Trois fois déjà, “Hülki” avait frôlé le podium en terminant quatrième, mais c’est à Silverstone qu’il a enfin brisé cette malédiction. Le plus grand frein dans sa carrière reste l’absence de la possibilité de piloter pour l’un des meilleurs teams de la discipline.
Selon Helmut Marko, Red Bull avait envisagé de signer Hülkenberg en 2020, lorsqu’il était sans volant, car ses qualités étaient indéniables. Il aurait dû devenir coéquipier de Max Verstappen en 2021. Finalement, l’équipe a choisi Sergio Pérez, dont la victoire en 2020 avec Racing Point a pesé dans la balance. Hülkenberg a alors dû respecter sa retraite sportive temporaire.
Les liens avec Ferrari ont aussi failli se concrétiser.

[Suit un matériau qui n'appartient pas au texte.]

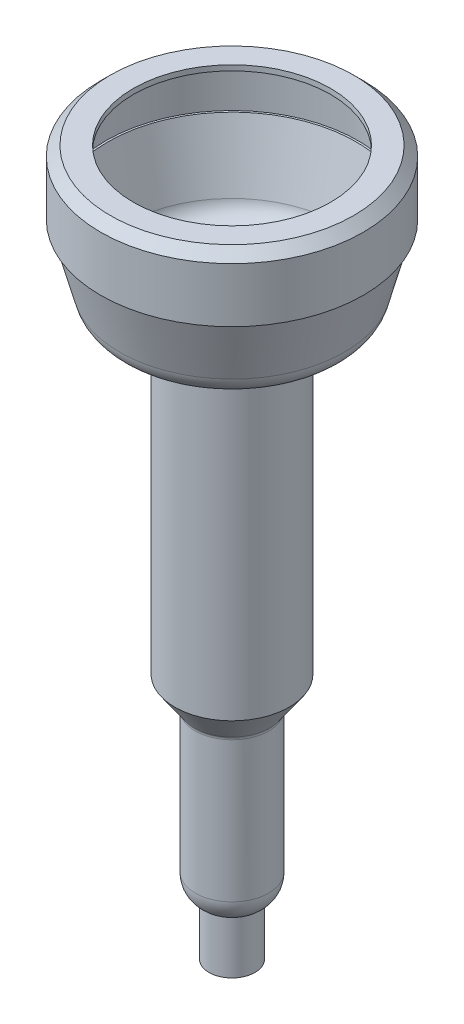
ISO-10303-21;
HEADER;
FILE_DESCRIPTION(('STEP AP214'),'2;1');
FILE_NAME('part.step','',(''),(''),'','','');
FILE_SCHEMA(('AUTOMOTIVE_DESIGN { 1 0 10303 214 1 1 1 1 }'));
ENDSEC;
DATA;
#1=APPLICATION_CONTEXT('core data for automotive mechanical design processes');
#2=APPLICATION_PROTOCOL_DEFINITION('international standard','automotive_design',2000,#1);
#3=PRODUCT_CONTEXT('',#1,'mechanical');
#4=PRODUCT('Part','Part','',(#3));
#5=PRODUCT_RELATED_PRODUCT_CATEGORY('part','',(#4));
#6=PRODUCT_DEFINITION_FORMATION('','',#4);
#7=PRODUCT_DEFINITION_CONTEXT('part definition',#1,'design');
#8=PRODUCT_DEFINITION('design','',#6,#7);
#9=PRODUCT_DEFINITION_SHAPE('','',#8);
#10=(LENGTH_UNIT() NAMED_UNIT(*) SI_UNIT(.MILLI.,.METRE.));
#11=(NAMED_UNIT(*) PLANE_ANGLE_UNIT() SI_UNIT($,.RADIAN.));
#12=(NAMED_UNIT(*) SI_UNIT($,.STERADIAN.) SOLID_ANGLE_UNIT());
#13=UNCERTAINTY_MEASURE_WITH_UNIT(LENGTH_MEASURE(1.E-05),#10,'distance_accuracy_value','');
#14=(GEOMETRIC_REPRESENTATION_CONTEXT(3) GLOBAL_UNCERTAINTY_ASSIGNED_CONTEXT((#13)) GLOBAL_UNIT_ASSIGNED_CONTEXT((#10,
#11,#12)) REPRESENTATION_CONTEXT('',''));
#15=CARTESIAN_POINT('',(0.,0.,0.));
#16=DIRECTION('',(0.,0.,1.));
#17=DIRECTION('',(1.,0.,0.));
#18=AXIS2_PLACEMENT_3D('',#15,#16,#17);
#19=CARTESIAN_POINT('',(0.,14.5,0.));
#20=DIRECTION('',(0.,1.,0.));
#21=DIRECTION('',(-1.,0.,0.));
#22=AXIS2_PLACEMENT_3D('',#19,#20,#21);
#23=CYLINDRICAL_SURFACE('',#22,1.4);
#24=CARTESIAN_POINT('',(0.,-9.21014938269311,0.));
#25=DIRECTION('',(0.,-1.,0.));
#26=DIRECTION('',(1.,0.,0.));
#27=AXIS2_PLACEMENT_3D('',#24,#25,#26);
#28=CIRCLE('',#27,1.4);
#29=CARTESIAN_POINT('',(1.4,-9.21014938269311,0.));
#30=VERTEX_POINT('',#29);
#31=EDGE_CURVE('E11',#30,#30,#28,.F.);
#32=ORIENTED_EDGE('',*,*,#31,.T.);
#33=EDGE_LOOP('',(#32));
#34=FACE_BOUND('',#33,.T.);
#35=CARTESIAN_POINT('',(0.,-3.86569170809116,0.));
#36=DIRECTION('',(0.,1.,0.));
#37=DIRECTION('',(-1.,0.,0.));
#38=AXIS2_PLACEMENT_3D('',#35,#36,#37);
#39=CIRCLE('',#38,1.4);
#40=CARTESIAN_POINT('',(-1.4,-3.86569170809116,0.));
#41=VERTEX_POINT('',#40);
#42=EDGE_CURVE('E82',#41,#41,#39,.T.);
#43=ORIENTED_EDGE('',*,*,#42,.F.);
#44=EDGE_LOOP('',(#43));
#45=FACE_BOUND('',#44,.T.);
#46=ADVANCED_FACE('F38',(#34,#45),#23,.T.);
#47=CARTESIAN_POINT('',(0.,14.5,0.));
#48=DIRECTION('',(0.,1.,0.));
#49=DIRECTION('',(-1.,0.,0.));
#50=AXIS2_PLACEMENT_3D('',#47,#48,#49);
#51=CYLINDRICAL_SURFACE('',#50,3.75577865213881);
#52=CARTESIAN_POINT('',(0.,14.7463628033699,0.));
#53=DIRECTION('',(0.,1.,0.));
#54=DIRECTION('',(-1.,0.,0.));
#55=AXIS2_PLACEMENT_3D('',#52,#53,#54);
#56=CIRCLE('',#55,3.75577865213881);
#57=CARTESIAN_POINT('',(-3.75577865213881,14.7463628033699,0.));
#58=VERTEX_POINT('',#57);
#59=EDGE_CURVE('E49',#58,#58,#56,.T.);
#60=ORIENTED_EDGE('',*,*,#59,.T.);
#61=EDGE_LOOP('',(#60));
#62=FACE_BOUND('',#61,.T.);
#63=CARTESIAN_POINT('',(0.,14.5463628033699,0.));
#64=DIRECTION('',(0.,1.,0.));
#65=DIRECTION('',(-1.,0.,0.));
#66=AXIS2_PLACEMENT_3D('',#63,#64,#65);
#67=CIRCLE('',#66,3.75577865213881);
#68=CARTESIAN_POINT('',(-3.75577865213881,14.5463628033699,0.));
#69=VERTEX_POINT('',#68);
#70=EDGE_CURVE('E109',#69,#69,#67,.T.);
#71=ORIENTED_EDGE('',*,*,#70,.F.);
#72=EDGE_LOOP('',(#71));
#73=FACE_BOUND('',#72,.T.);
#74=ADVANCED_FACE('F134',(#62,#73),#51,.F.);
#75=CARTESIAN_POINT('',(-3.75577865213881,14.7463628033699,0.));
#76=DIRECTION('',(0.,1.,0.));
#77=DIRECTION('',(-1.,0.,0.));
#78=AXIS2_PLACEMENT_3D('',#75,#76,#77);
#79=PLANE('',#78);
#80=CARTESIAN_POINT('',(0.,14.7463628033699,0.));
#81=DIRECTION('',(0.,1.,0.));
#82=DIRECTION('',(-1.,0.,0.));
#83=AXIS2_PLACEMENT_3D('',#80,#81,#82);
#84=CIRCLE('',#83,4.63284271247462);
#85=CARTESIAN_POINT('',(-4.63284271247462,14.7463628033699,0.));
#86=VERTEX_POINT('',#85);
#87=EDGE_CURVE('E53',#86,#86,#84,.T.);
#88=ORIENTED_EDGE('',*,*,#87,.T.);
#89=EDGE_LOOP('',(#88));
#90=FACE_BOUND('',#89,.T.);
#91=ORIENTED_EDGE('',*,*,#59,.F.);
#92=EDGE_LOOP('',(#91));
#93=FACE_BOUND('',#92,.T.);
#94=ADVANCED_FACE('F139',(#90,#93),#79,.T.);
#95=CARTESIAN_POINT('',(0.,14.7463628033699,0.));
#96=DIRECTION('',(0.,-1.,0.));
#97=DIRECTION('',(1.,0.,0.));
#98=AXIS2_PLACEMENT_3D('',#95,#96,#97);
#99=CONICAL_SURFACE('',#98,4.63284271247462,0.785398163397448);
#100=CARTESIAN_POINT('',(0.,14.3792055158445,0.));
#101=DIRECTION('',(0.,1.,0.));
#102=DIRECTION('',(-1.,0.,0.));
#103=AXIS2_PLACEMENT_3D('',#100,#101,#102);
#104=CIRCLE('',#103,5.);
#105=CARTESIAN_POINT('',(-5.,14.3792055158445,0.));
#106=VERTEX_POINT('',#105);
#107=EDGE_CURVE('E58',#106,#106,#104,.T.);
#108=ORIENTED_EDGE('',*,*,#107,.T.);
#109=EDGE_LOOP('',(#108));
#110=FACE_BOUND('',#109,.T.);
#111=ORIENTED_EDGE('',*,*,#87,.F.);
#112=EDGE_LOOP('',(#111));
#113=FACE_BOUND('',#112,.T.);
#114=ADVANCED_FACE('F177',(#110,#113),#99,.T.);
#115=CARTESIAN_POINT('',(0.,14.5,0.));
#116=DIRECTION('',(0.,1.,0.));
#117=DIRECTION('',(-1.,0.,0.));
#118=AXIS2_PLACEMENT_3D('',#115,#116,#117);
#119=CYLINDRICAL_SURFACE('',#118,5.);
#120=CARTESIAN_POINT('',(0.,12.2999976021957,0.));
#121=DIRECTION('',(0.,1.,0.));
#122=DIRECTION('',(-1.,0.,0.));
#123=AXIS2_PLACEMENT_3D('',#120,#121,#122);
#124=CIRCLE('',#123,5.);
#125=CARTESIAN_POINT('',(-5.,12.2999976021957,0.));
#126=VERTEX_POINT('',#125);
#127=EDGE_CURVE('E61',#126,#126,#124,.T.);
#128=ORIENTED_EDGE('',*,*,#127,.T.);
#129=EDGE_LOOP('',(#128));
#130=FACE_BOUND('',#129,.T.);
#131=ORIENTED_EDGE('',*,*,#107,.F.);
#132=EDGE_LOOP('',(#131));
#133=FACE_BOUND('',#132,.T.);
#134=ADVANCED_FACE('F173',(#130,#133),#119,.T.);
#135=CARTESIAN_POINT('',(-5.,12.2999976021957,0.));
#136=DIRECTION('',(0.,-1.,0.));
#137=DIRECTION('',(1.,0.,0.));
#138=AXIS2_PLACEMENT_3D('',#135,#136,#137);
#139=PLANE('',#138);
#140=CARTESIAN_POINT('',(0.,12.2999976021957,0.));
#141=DIRECTION('',(0.,1.,0.));
#142=DIRECTION('',(-1.,0.,0.));
#143=AXIS2_PLACEMENT_3D('',#140,#141,#142);
#144=CIRCLE('',#143,4.87965285359769);
#145=CARTESIAN_POINT('',(-4.87965285359769,12.2999976021957,0.));
#146=VERTEX_POINT('',#145);
#147=EDGE_CURVE('E64',#146,#146,#144,.T.);
#148=ORIENTED_EDGE('',*,*,#147,.T.);
#149=EDGE_LOOP('',(#148));
#150=FACE_BOUND('',#149,.T.);
#151=ORIENTED_EDGE('',*,*,#127,.F.);
#152=EDGE_LOOP('',(#151));
#153=FACE_BOUND('',#152,.T.);
#154=ADVANCED_FACE('F169',(#150,#153),#139,.T.);
#155=CARTESIAN_POINT('',(0.,12.2999976021957,0.));
#156=DIRECTION('',(0.,1.,0.));
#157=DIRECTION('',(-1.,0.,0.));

En 2013, des négociations très poussées ont été entamées avec l’équipe italienne, dirigée alors par Stefano Domenicali, aujourd’hui PDG de la Formule 1. Ferrari avait même préparé un contrat de 45 pages, finement négocié, prêt à être signé. Mais Sergio Marchionne, le patron de la Scuderia à l’époque, a bloqué la signature à la dernière minute, sans jamais donner d’explication claire à Hülkenberg.

Peu nostalgique, Hülkenberg vit le présent sans s’encombrer des souvenirs ou des attentes futures. Sa prochaine étape semble être Audi, qui prend le relais de Sauber en tant qu’écurie usine dès la saison prochaine. Audi vise, dans un horizon de quatre ans, à rivaliser pour les titres mondiaux, et Hülkenberg est appelé à jouer un rôle clé dans cette ambition, grâce à son expérience précieuse.
Sans exclure de passer à nouveau derrière un volant, il s’appuie sur le parcours et la longévité de ses pairs, comme Fernando Alonso (43 ans) ou Lewis Hamilton (40 ans), qui prouvent que l’âge n’est pas forcément un frein aux performances de pointe.
David Coulthard, légende de la F1, a déclaré au magazine SPORT BILD : « Nico va aider l’équipe à décoller. La tâche est colossale, mais il a montré qu’il peut toujours tirer le maximum. Je pense qu’il est capable de tout, même de décrocher d’autres podiums. »
Et dernière leçon apprise : désormais, Hülkenberg n’oubliera plus jamais de prendre son casque…
Points à retenir
- Nico Hülkenberg a attendu 239 courses avant d’accéder à son premier podium en Formule 1, un record dans l’histoire de la discipline.
- Malgré son talent reconnu, il n’a jamais eu la chance de piloter pour l’un des top teams, frein majeur pour une carrière en dents de scie.
- Des négociations sérieuses avec Ferrari en 2013 ont échoué mystérieusement à la dernière minute, un chapitre resté énigmatique.
- Red Bull avait contacté Hülkenberg en 2020, mais a préféré l’expérience victorieuse de Sergio Pérez au dernier moment.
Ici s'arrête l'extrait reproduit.